▶ **INSTRUCTIONS FOR THE TASK**:
Go line by line through the entries below and copy those containing the string "Continuous".

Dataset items
◇ ◇ ◇ ◇
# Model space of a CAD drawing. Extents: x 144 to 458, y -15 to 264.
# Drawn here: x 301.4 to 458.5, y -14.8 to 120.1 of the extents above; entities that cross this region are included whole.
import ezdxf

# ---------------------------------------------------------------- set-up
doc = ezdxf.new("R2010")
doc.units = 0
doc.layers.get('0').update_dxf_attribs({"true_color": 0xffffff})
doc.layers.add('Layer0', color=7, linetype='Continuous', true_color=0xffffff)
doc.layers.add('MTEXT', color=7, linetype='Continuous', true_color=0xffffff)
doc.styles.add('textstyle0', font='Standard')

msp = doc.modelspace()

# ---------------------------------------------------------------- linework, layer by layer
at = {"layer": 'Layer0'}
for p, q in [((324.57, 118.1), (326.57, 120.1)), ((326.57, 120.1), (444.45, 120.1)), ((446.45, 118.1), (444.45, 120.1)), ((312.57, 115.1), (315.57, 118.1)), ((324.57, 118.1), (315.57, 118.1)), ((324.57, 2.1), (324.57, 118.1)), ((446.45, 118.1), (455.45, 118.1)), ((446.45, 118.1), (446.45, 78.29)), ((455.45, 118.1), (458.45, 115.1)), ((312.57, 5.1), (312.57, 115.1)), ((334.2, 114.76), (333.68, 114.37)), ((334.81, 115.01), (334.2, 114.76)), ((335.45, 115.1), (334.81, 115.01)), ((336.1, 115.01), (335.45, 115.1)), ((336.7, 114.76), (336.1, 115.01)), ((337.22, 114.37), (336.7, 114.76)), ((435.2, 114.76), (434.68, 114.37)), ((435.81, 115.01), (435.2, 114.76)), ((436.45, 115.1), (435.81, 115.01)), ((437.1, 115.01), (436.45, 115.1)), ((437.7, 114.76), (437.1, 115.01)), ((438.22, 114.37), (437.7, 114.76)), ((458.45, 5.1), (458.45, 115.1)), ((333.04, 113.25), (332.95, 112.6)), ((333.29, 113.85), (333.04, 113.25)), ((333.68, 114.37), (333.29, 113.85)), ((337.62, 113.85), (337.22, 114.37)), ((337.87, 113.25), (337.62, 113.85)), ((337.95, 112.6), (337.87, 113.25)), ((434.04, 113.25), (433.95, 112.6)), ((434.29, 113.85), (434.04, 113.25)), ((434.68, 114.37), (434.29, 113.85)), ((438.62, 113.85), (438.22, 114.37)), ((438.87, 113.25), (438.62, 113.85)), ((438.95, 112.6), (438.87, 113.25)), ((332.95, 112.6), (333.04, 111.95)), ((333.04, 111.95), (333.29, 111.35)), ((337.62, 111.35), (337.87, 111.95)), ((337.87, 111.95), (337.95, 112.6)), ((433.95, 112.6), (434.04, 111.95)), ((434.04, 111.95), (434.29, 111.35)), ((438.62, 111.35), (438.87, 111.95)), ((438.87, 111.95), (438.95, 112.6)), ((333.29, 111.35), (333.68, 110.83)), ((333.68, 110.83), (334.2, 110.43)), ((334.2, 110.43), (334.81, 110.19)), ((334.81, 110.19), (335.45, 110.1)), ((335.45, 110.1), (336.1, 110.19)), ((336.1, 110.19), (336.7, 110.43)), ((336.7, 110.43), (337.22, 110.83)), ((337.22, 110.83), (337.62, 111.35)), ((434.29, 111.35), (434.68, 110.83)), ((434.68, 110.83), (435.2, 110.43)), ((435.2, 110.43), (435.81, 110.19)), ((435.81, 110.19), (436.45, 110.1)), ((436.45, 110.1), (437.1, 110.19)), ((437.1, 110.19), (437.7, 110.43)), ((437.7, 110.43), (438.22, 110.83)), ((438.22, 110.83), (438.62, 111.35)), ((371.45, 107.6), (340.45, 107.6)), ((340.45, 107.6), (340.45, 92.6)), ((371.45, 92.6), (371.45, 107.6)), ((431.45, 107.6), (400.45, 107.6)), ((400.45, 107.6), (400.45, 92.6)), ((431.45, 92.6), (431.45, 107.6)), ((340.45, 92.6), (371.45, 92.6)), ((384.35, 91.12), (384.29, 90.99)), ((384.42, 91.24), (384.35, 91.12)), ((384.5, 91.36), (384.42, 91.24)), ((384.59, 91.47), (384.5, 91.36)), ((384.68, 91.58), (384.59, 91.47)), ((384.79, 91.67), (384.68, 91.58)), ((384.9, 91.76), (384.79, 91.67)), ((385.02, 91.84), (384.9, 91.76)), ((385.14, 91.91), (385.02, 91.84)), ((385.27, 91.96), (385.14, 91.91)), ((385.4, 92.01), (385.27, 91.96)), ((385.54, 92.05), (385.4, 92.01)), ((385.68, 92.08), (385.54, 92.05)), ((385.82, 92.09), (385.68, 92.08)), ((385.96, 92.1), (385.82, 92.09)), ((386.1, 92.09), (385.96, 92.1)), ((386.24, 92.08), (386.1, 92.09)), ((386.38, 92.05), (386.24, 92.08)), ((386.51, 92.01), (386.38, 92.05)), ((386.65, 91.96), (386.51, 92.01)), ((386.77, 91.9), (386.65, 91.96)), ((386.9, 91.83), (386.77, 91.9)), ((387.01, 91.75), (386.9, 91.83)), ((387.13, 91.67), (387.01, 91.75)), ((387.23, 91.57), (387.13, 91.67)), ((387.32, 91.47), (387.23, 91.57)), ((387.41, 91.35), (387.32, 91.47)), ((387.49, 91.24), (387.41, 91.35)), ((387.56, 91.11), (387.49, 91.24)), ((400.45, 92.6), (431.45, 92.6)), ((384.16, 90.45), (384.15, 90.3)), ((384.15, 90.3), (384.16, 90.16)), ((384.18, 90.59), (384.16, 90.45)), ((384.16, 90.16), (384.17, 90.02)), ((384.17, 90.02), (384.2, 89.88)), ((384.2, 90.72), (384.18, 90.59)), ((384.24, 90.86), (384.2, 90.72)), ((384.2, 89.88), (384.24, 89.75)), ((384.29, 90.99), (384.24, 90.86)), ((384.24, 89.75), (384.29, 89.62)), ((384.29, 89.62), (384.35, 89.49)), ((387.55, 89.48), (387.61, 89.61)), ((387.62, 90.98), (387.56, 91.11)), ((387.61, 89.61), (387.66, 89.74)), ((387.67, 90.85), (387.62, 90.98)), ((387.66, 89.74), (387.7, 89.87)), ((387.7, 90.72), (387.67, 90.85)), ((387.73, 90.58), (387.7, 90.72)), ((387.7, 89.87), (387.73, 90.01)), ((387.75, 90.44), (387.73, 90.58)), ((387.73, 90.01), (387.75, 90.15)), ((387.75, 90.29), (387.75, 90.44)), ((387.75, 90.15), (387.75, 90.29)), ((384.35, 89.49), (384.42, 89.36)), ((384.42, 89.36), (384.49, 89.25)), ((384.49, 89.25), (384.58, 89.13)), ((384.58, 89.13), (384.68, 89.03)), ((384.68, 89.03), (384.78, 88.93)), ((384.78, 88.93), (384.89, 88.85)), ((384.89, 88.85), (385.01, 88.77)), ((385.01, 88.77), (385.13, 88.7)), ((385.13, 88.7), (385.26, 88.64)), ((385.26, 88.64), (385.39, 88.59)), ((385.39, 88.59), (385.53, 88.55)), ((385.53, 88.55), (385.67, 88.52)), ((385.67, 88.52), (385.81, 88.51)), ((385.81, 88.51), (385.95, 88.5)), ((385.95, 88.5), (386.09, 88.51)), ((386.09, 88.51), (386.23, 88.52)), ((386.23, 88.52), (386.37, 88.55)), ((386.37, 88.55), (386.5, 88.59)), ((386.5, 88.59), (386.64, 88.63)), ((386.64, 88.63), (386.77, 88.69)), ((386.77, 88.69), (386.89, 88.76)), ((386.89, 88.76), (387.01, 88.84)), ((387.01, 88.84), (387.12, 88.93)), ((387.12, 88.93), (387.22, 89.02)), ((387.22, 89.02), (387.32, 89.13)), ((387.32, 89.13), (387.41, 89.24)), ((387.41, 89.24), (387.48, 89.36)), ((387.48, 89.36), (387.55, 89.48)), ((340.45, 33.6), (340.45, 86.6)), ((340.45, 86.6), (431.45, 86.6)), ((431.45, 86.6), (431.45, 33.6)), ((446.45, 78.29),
◇ ◇ ◇ ◇
▶ **SOLUTION**:
doc.layers.add('Layer0', color=7, linetype='Continuous', true_color=0xffffff)
doc.layers.add('MTEXT', color=7, linetype='Continuous', true_color=0xffffff)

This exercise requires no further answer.